Saved entries:
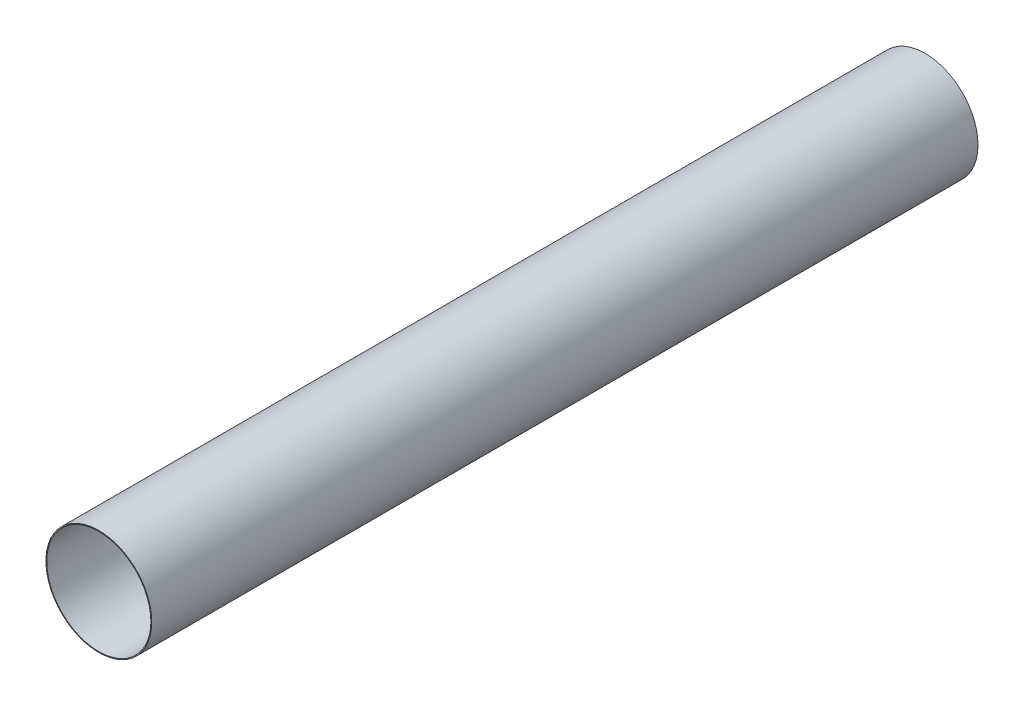
SolidWorks part; units mm, degrees
ref_plane "Plan de face" through (0, 0, 0) normal (0, 0, 1) x (1, 0, 0)
ref_plane "Plan de dessus" through (0, 0, 0) normal (0, 1, 0) x (1, 0, 0)
ref_plane "Plan de droite" through (0, 0, 0) normal (1, 0, 0) x (0, 0, -1)
sketch "Esquisse1" plane through (0, 0, 0) normal (0, 0, 1) x (1, 0, 0)
  circle A2 centre (0, 0) radius 76.182
  circle A3 centre (0, 0) radius 75
  dimension "D1" = 150
  dimension "D2" = 152.364
extrude "Boss.-Extru.1" add sketch "Esquisse1" along normal blind 1190 contours A2 | A3
equation "\"D1@Boss.-Extru.1\"=1190"
equation "\"d_body\"= 150mm'rocket composite body diameter (RORO II)"
equation "\"t_body\"= 1.182mm'rocket composite body thickness (RORO II)"
equation "\"l_upper_body\"= 1150mm'upper body length (as of RORO I)"
equation "\"D1@Esquisse1\"=\"d_body\""
equation "\"D2@Esquisse1\"=\"d_body\"+2*\"t_body\""

◆ **WHAT NEEDS TO BE DONE**: Repeat only the tail of the entries, exactly: the line containing "1.182mm'rocket composite body" and every line after it, to the end.

◆ **THE ANSWER**:
equation "\"t_body\"= 1.182mm'rocket composite body thickness (RORO II)"
equation "\"l_upper_body\"= 1150mm'upper body length (as of RORO I)"
equation "\"D1@Esquisse1\"=\"d_body\""
equation "\"D2@Esquisse1\"=\"d_body\"+2*\"t_body\""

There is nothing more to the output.